TASK
Return every line from the one with "#248=ORIENTED_EDGE('',*,*,#247,.F.);" through the one with "#271=DIRECTION('',(1.,0.,0.));", inclusive, exactly as it appears below.

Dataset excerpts
[Start of section]

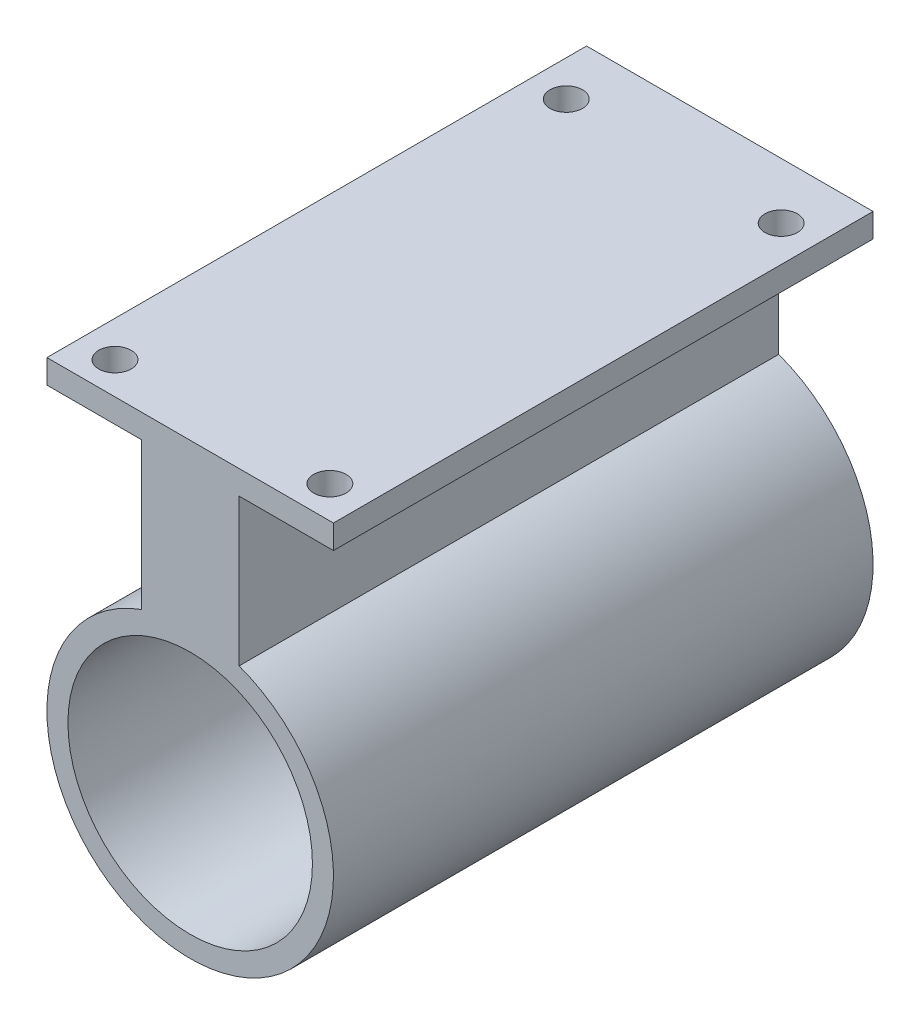
ISO-10303-21;
HEADER;
FILE_DESCRIPTION(('STEP AP214'),'2;1');
FILE_NAME('part.step','',(''),(''),'','','');
FILE_SCHEMA(('AUTOMOTIVE_DESIGN { 1 0 10303 214 1 1 1 1 }'));
ENDSEC;
DATA;
#1=APPLICATION_CONTEXT('core data for automotive mechanical design processes');
#2=APPLICATION_PROTOCOL_DEFINITION('international standard','automotive_design',2000,#1);
#3=PRODUCT_CONTEXT('',#1,'mechanical');
#4=PRODUCT('Part','Part','',(#3));
#5=PRODUCT_RELATED_PRODUCT_CATEGORY('part','',(#4));
#6=PRODUCT_DEFINITION_FORMATION('','',#4);
#7=PRODUCT_DEFINITION_CONTEXT('part definition',#1,'design');
#8=PRODUCT_DEFINITION('design','',#6,#7);
#9=PRODUCT_DEFINITION_SHAPE('','',#8);
#10=(LENGTH_UNIT() NAMED_UNIT(*) SI_UNIT(.MILLI.,.METRE.));
#11=(NAMED_UNIT(*) PLANE_ANGLE_UNIT() SI_UNIT($,.RADIAN.));
#12=(NAMED_UNIT(*) SI_UNIT($,.STERADIAN.) SOLID_ANGLE_UNIT());
#13=UNCERTAINTY_MEASURE_WITH_UNIT(LENGTH_MEASURE(1.E-05),#10,'distance_accuracy_value','');
#14=(GEOMETRIC_REPRESENTATION_CONTEXT(3) GLOBAL_UNCERTAINTY_ASSIGNED_CONTEXT((#13)) GLOBAL_UNIT_ASSIGNED_CONTEXT((#10,
#11,#12)) REPRESENTATION_CONTEXT('',''));
#15=CARTESIAN_POINT('',(0.,0.,0.));
#16=DIRECTION('',(0.,0.,1.));
#17=DIRECTION('',(1.,0.,0.));
#18=AXIS2_PLACEMENT_3D('',#15,#16,#17);
#19=CARTESIAN_POINT('',(0.,-30.75,54.));
#20=DIRECTION('',(0.,0.,-1.));
#21=DIRECTION('',(-1.,0.,0.));
#22=AXIS2_PLACEMENT_3D('',#19,#20,#21);
#23=CYLINDRICAL_SURFACE('',#22,15.);
#24=CARTESIAN_POINT('',(0.,-30.75,-2.5));
#25=DIRECTION('',(0.,0.,-1.));
#26=DIRECTION('',(-1.,0.,0.));
#27=AXIS2_PLACEMENT_3D('',#24,#25,#26);
#28=CIRCLE('',#27,15.);
#29=CARTESIAN_POINT('',(5.11989742878924,-16.6508280271969,-2.5));
#30=VERTEX_POINT('',#29);
#31=CARTESIAN_POINT('',(-5.11989742878925,-16.6508280271969,-2.5));
#32=VERTEX_POINT('',#31);
#33=EDGE_CURVE('E148',#30,#32,#28,.T.);
#34=ORIENTED_EDGE('',*,*,#33,.F.);
#35=DIRECTION('',(0.,0.,-1.));
#36=VECTOR('',#35,1.);
#37=CARTESIAN_POINT('',(5.11989742878925,-16.6508280271969,54.));
#38=LINE('',#37,#36);
#39=CARTESIAN_POINT('',(5.11989742878925,-16.6508280271969,54.));
#40=VERTEX_POINT('',#39);
#41=EDGE_CURVE('E49',#40,#30,#38,.T.);
#42=ORIENTED_EDGE('',*,*,#41,.F.);
#43=CARTESIAN_POINT('',(0.,-30.75,54.));
#44=DIRECTION('',(0.,0.,1.));
#45=DIRECTION('',(1.,0.,0.));
#46=AXIS2_PLACEMENT_3D('',#43,#44,#45);
#47=CIRCLE('',#46,15.);
#48=CARTESIAN_POINT('',(-5.11989742878925,-16.6508280271969,54.));
#49=VERTEX_POINT('',#48);
#50=EDGE_CURVE('E158',#49,#40,#47,.T.);
#51=ORIENTED_EDGE('',*,*,#50,.F.);
#52=DIRECTION('',(0.,0.,-1.));
#53=VECTOR('',#52,1.);
#54=CARTESIAN_POINT('',(-5.11989742878925,-16.6508280271969,54.));
#55=LINE('',#54,#53);
#56=EDGE_CURVE('E170',#49,#32,#55,.T.);
#57=ORIENTED_EDGE('',*,*,#56,.T.);
#58=EDGE_LOOP('',(#34,#42,#51,#57));
#59=FACE_BOUND('',#58,.T.);
#60=ADVANCED_FACE('F32',(#59),#23,.T.);
#61=CARTESIAN_POINT('',(0.,-30.75,54.));
#62=DIRECTION('',(0.,0.,1.));
#63=DIRECTION('',(1.,0.,0.));
#64=AXIS2_PLACEMENT_3D('',#61,#62,#63);
#65=PLANE('',#64);
#66=CARTESIAN_POINT('',(0.,-30.75,54.));
#67=DIRECTION('',(0.,0.,1.));
#68=DIRECTION('',(1.,0.,0.));
#69=AXIS2_PLACEMENT_3D('',#66,#67,#68);
#70=CIRCLE('',#69,12.8);
#71=CARTESIAN_POINT('',(12.8,-30.75,54.));
#72=VERTEX_POINT('',#71);
#73=EDGE_CURVE('E130',#72,#72,#70,.T.);
#74=ORIENTED_EDGE('',*,*,#73,.F.);
#75=EDGE_LOOP('',(#74));
#76=FACE_BOUND('',#75,.T.);
#77=DIRECTION('',(0.,-1.,0.));
#78=VECTOR('',#77,1.);
#79=CARTESIAN_POINT('',(-15.,-1.25,54.));
#80=LINE('',#79,#78);
#81=CARTESIAN_POINT('',(-15.,1.25,54.));
#82=VERTEX_POINT('',#81);
#83=CARTESIAN_POINT('',(-15.,-1.25,54.));
#84=VERTEX_POINT('',#83);
#85=EDGE_CURVE('E152',#82,#84,#80,.T.);
#86=ORIENTED_EDGE('',*,*,#85,.T.);
#87=DIRECTION('',(1.,0.,0.));
#88=VECTOR('',#87,1.);
#89=CARTESIAN_POINT('',(-5.11989742878925,-1.25,54.));
#90=LINE('',#89,#88);
#91=CARTESIAN_POINT('',(-5.11989742878925,-1.25,54.));
#92=VERTEX_POINT('',#91);
#93=EDGE_CURVE('E154',#84,#92,#90,.T.);
#94=ORIENTED_EDGE('',*,*,#93,.T.);
#95=DIRECTION('',(0.,-1.,0.));
#96=VECTOR('',#95,1.);
#97=CARTESIAN_POINT('',(-5.11989742878925,-13.25,54.));
#98=LINE('',#97,#96);
#99=EDGE_CURVE('E156',#92,#49,#98,.T.);
#100=ORIENTED_EDGE('',*,*,#99,.T.);
#101=ORIENTED_EDGE('',*,*,#50,.T.);
#102=DIRECTION('',(0.,1.,0.));
#103=VECTOR('',#102,1.);
#104=CARTESIAN_POINT('',(5.11989742878925,-13.25,54.));
#105=LINE('',#104,#103);
#106=CARTESIAN_POINT('',(5.11989742878925,-1.25,54.));
#107=VERTEX_POINT('',#106);
#108=EDGE_CURVE('E160',#40,#107,#105,.T.);
#109=ORIENTED_EDGE('',*,*,#108,.T.);
#110=DIRECTION('',(1.,0.,0.));
#111=VECTOR('',#110,1.);
#112=CARTESIAN_POINT('',(15.,-1.25,54.));
#113=LINE('',#112,#111);
#114=CARTESIAN_POINT('',(15.,-1.25,54.));
#115=VERTEX_POINT('',#114);
#116=EDGE_CURVE('E162',#107,#115,#113,.T.);
#117=ORIENTED_EDGE('',*,*,#116,.T.);
#118=DIRECTION('',(0.,1.,0.));
#119=VECTOR('',#118,1.);
#120=CARTESIAN_POINT('',(15.,-1.25,54.));
#121=LINE('',#120,#119);
#122=CARTESIAN_POINT('',(15.,1.25,54.));
#123=VERTEX_POINT('',#122);
#124=EDGE_CURVE('E108',#115,#123,#121,.T.);
#125=ORIENTED_EDGE('',*,*,#124,.T.);
#126=DIRECTION('',(-1.,0.,0.));
#127=VECTOR('',#126,1.);
#128=CARTESIAN_POINT('',(15.,1.25,54.));
#129=LINE('',#128,#127);
#130=EDGE_CURVE('E57',#123,#82,#129,.T.);
#131=ORIENTED_EDGE('',*,*,#130,.T.);
#132=EDGE_LOOP('',(#86,#94,#100,#101,#109,#117,#125,#131));
#133=FACE_BOUND('',#132,.T.);
#134=ADVANCED_FACE('F185',(#76,#133),#65,.T.);
#135=CARTESIAN_POINT('',(-15.,-1.25,54.));
#136=DIRECTION('',(1.,0.,0.));
#137=DIRECTION('',(0.,0.,-1.));
#138=AXIS2_PLACEMENT_3D('',#135,#136,#137);
#139=PLANE('',#138);
#140=DIRECTION('',(0.,0.,-1.));
#141=VECTOR('',#140,1.);
#142=CARTESIAN_POINT('',(-15.,1.25,54.));
#143=LINE('',#142,#141);
#144=CARTESIAN_POINT('',(-15.,1.25,-2.5));
#145=VERTEX_POINT('',#144);
#146=EDGE_CURVE('E166',#82,#145,#143,.T.);
#147=ORIENTED_EDGE('',*,*,#146,.T.);
#148=DIRECTION('',(0.,1.,0.));
#149=VECTOR('',#148,1.);
#150=CARTESIAN_POINT('',(-15.,1.25,-2.5));
#151=LINE('',#150,#149);
#152=CARTESIAN_POINT('',(-15.,-1.25,-2.5));
#153=VERTEX_POINT('',#152);
#154=EDGE_CURVE('E141',#153,#145,#151,.T.);
#155=ORIENTED_EDGE('',*,*,#154,.F.);
#156=DIRECTION('',(0.,0.,-1.));
#157=VECTOR('',#156,1.);
#158=CARTESIAN_POINT('',(-15.,-1.25,54.));
#159=LINE('',#158,#157);
#160=EDGE_CURVE('E11',#84,#153,#159,.T.);
#161=ORIENTED_EDGE('',*,*,#160,.F.);
#162=ORIENTED_EDGE('',*,*,#85,.F.);
#163=EDGE_LOOP('',(#147,#155,#161,#162));
#164=FACE_BOUND('',#163,.T.);
#165=ADVANCED_FACE('F34',(#164),#139,.F.);
#166=CARTESIAN_POINT('',(-5.11989742878925,-1.25,54.));
#167=DIRECTION('',(0.,1.,0.));
#168=DIRECTION('',(-1.,0.,0.));
#169=AXIS2_PLACEMENT_3D('',#166,#167,#168);
#170=PLANE('',#169);
#171=CARTESIAN_POINT('',(-11.25,-1.25,50.625));
#172=DIRECTION('',(0.,1.,0.));
#173=DIRECTION('',(-1.,0.,0.));
#174=AXIS2_PLACEMENT_3D('',#171,#172,#173);
#175=CIRCLE('',#174,1.7);
#176=CARTESIAN_POINT('',(-12.95,-1.25,50.625));
#177=VERTEX_POINT('',#176);
#178=EDGE_CURVE('E226',#177,#177,#175,.T.);
#179=ORIENTED_EDGE('',*,*,#178,.T.);
#180=EDGE_LOOP('',(#179));
#181=FACE_BOUND('',#180,.T.);
#182=CARTESIAN_POINT('',(-11.25,-1.25,3.375));
#183=DIRECTION('',(0.,1.,0.));
#184=DIRECTION('',(-1.,0.,0.));
#185=AXIS2_PLACEMENT_3D('',#182,#183,#184);
#186=CIRCLE('',#185,1.7);
#187=CARTESIAN_POINT('',(-12.95,-1.25,3.375));
#188=VERTEX_POINT('',#187);
#189=EDGE_CURVE('E229',#188,#188,#186,.T.);
#190=ORIENTED_EDGE('',*,*,#189,.T.);
#191=EDGE_LOOP('',(#190));
#192=FACE_BOUND('',#191,.T.);
#193=ORIENTED_EDGE('',*,*,#160,.T.);
#194=DIRECTION('',(-1.,0.,0.));
#195=VECTOR('',#194,1.);
#196=CARTESIAN_POINT('',(-15.,-1.25,-2.5));
#197=LINE('',#196,#195);
#198=CARTESIAN_POINT('',(-5.11989742878925,-1.25,-2.5));
#199=VERTEX_POINT('',#198);
#200=EDGE_CURVE('E138',#199,#153,#197,.T.);
#201=ORIENTED_EDGE('',*,*,#200,.F.);
#202=DIRECTION('',(0.,0.,-1.));
#203=VECTOR('',#202,1.);
#204=CARTESIAN_POINT('',(-5.11989742878925,-1.25,54.));
#205=LINE('',#204,#203);
#206=EDGE_CURVE('E41',#92,#199,#205,.T.);
#207=ORIENTED_EDGE('',*,*,#206,.F.);
#208=ORIENTED_EDGE('',*,*,#93,.F.);
#209=EDGE_LOOP('',(#193,#201,#207,#208));
#210=FACE_BOUND('',#209,.T.);
#211=ADVANCED_FACE('F189',(#181,#192,#210),#170,.F.);
#212=CARTESIAN_POINT('',(-5.11989742878925,-13.25,54.));
#213=DIRECTION('',(1.,0.,0.));
#214=DIRECTION('',(0.,0.,-1.));
#215=AXIS2_PLACEMENT_3D('',#212,#213,#214);
#216=PLANE('',#215);
#217=ORIENTED_EDGE('',*,*,#206,.T.);
#218=DIRECTION('',(0.,1.,0.));
#219=VECTOR('',#218,1.);
#220=CARTESIAN_POINT('',(-5.11989742878925,-1.25,-2.5));
#221=LINE('',#220,#219);
#222=EDGE_CURVE('E135',#32,#199,#221,.T.);
#223=ORIENTED_EDGE('',*,*,#222,.F.);
#224=ORIENTED_EDGE('',*,*,#56,.F.);
#225=ORIENTED_EDGE('',*,*,#99,.F.);
#226=EDGE_LOOP('',(#217,#223,#224,#225));
#227=FACE_BOUND('',#226,.T.);
#228=ADVANCED_FACE('F181',(#227),#216,.F.);
#229=CARTESIAN_POINT('',(5.11989742878925,-13.25,54.));
#230=DIRECTION('',(-1.,0.,0.));
#231=DIRECTION('',(0.,0.,1.));
#232=AXIS2_PLACEMENT_3D('',#229,#230,#231);
#233=PLANE('',#232);
#234=ORIENTED_EDGE('',*,*,#41,.T.);
#235=DIRECTION('',(0.,-1.,0.));
#236=VECTOR('',#235,1.);
#237=CARTESIAN_POINT('',(5.11989742878925,-1.25,-2.5));
#238=LINE('',#237,#236);
#239=CARTESIAN_POINT('',(5.11989742878925,-1.25,-2.5));
#240=VERTEX_POINT('',#239);
#241=EDGE_CURVE('E119',#240,#30,#238,.T.);
#242=ORIENTED_EDGE('',*,*,#241,.F.);
#243=DIRECTION('',(0.,0.,-1.));
#244=VECTOR('',#243,1.);
#245=CARTESIAN_POINT('',(5.11989742878925,-1.25,54.));
#246=LINE('',#245,#244);
#247=EDGE_CURVE('E111',#107,#240,#246,.T.);
#248=ORIENTED_EDGE('',*,*,#247,.F.);
#249=ORIENTED_EDGE('',*,*,#108,.F.);
#250=EDGE_LOOP('',(#234,#242,#248,#249));
#251=FACE_BOUND('',#250,.T.);
#252=ADVANCED_FACE('F184',(#251),#233,.F.);
#253=CARTESIAN_POINT('',(15.,-1.25,54.));
#254=DIRECTION('',(0.,1.,0.));
#255=DIRECTION('',(-1.,0.,0.));
#256=AXIS2_PLACEMENT_3D('',#253,#254,#255);
#257=PLANE('',#256);
#258=CARTESIAN_POINT('',(11.25,-1.25,3.375));
#259=DIRECTION('',(0.,1.,0.));
#260=DIRECTION('',(1.,0.,0.));
#261=AXIS2_PLACEMENT_3D('',#258,#259,#260);
#262=CIRCLE('',#261,1.7);
#263=CARTESIAN_POINT('',(12.95,-1.25,3.375));
#264=VERTEX_POINT('',#263);
#265=EDGE_CURVE('E298',#264,#264,#262,.T.);
#266=ORIENTED_EDGE('',*,*,#265,.T.);
#267=EDGE_LOOP('',(#266));
#268=FACE_BOUND('',#267,.T.);
#269=CARTESIAN_POINT('',(11.25,-1.25,50.625));
#270=DIRECTION('',(0.,1.,0.));
#271=DIRECTION('',(1.,0.,0.));
#272=AXIS2_PLACEMENT_3D('',#269,#270,#271);
#273=CIRCLE('',#272,1.7);
#274=CARTESIAN_POINT('',(12.95,-1.25,50.625));
#275=VERTEX_POINT('',#274);
#276=EDGE_CURVE('E305',#275,#275,#273,.T.);
#277=ORIENTED_EDGE('',*,*,#276,.T.);
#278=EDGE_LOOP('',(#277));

[End of section]

SOLUTION BELOW
#248=ORIENTED_EDGE('',*,*,#247,.F.);
#249=ORIENTED_EDGE('',*,*,#108,.F.);
#250=EDGE_LOOP('',(#234,#242,#248,#249));
#251=FACE_BOUND('',#250,.T.);
#252=ADVANCED_FACE('F184',(#251),#233,.F.);
#253=CARTESIAN_POINT('',(15.,-1.25,54.));
#254=DIRECTION('',(0.,1.,0.));
#255=DIRECTION('',(-1.,0.,0.));
#256=AXIS2_PLACEMENT_3D('',#253,#254,#255);
#257=PLANE('',#256);
#258=CARTESIAN_POINT('',(11.25,-1.25,3.375));
#259=DIRECTION('',(0.,1.,0.));
#260=DIRECTION('',(1.,0.,0.));
#261=AXIS2_PLACEMENT_3D('',#258,#259,#260);
#262=CIRCLE('',#261,1.7);
#263=CARTESIAN_POINT('',(12.95,-1.25,3.375));
#264=VERTEX_POINT('',#263);
#265=EDGE_CURVE('E298',#264,#264,#262,.T.);
#266=ORIENTED_EDGE('',*,*,#265,.T.);
#267=EDGE_LOOP('',(#266));
#268=FACE_BOUND('',#267,.T.);
#269=CARTESIAN_POINT('',(11.25,-1.25,50.625));
#270=DIRECTION('',(0.,1.,0.));
#271=DIRECTION('',(1.,0.,0.));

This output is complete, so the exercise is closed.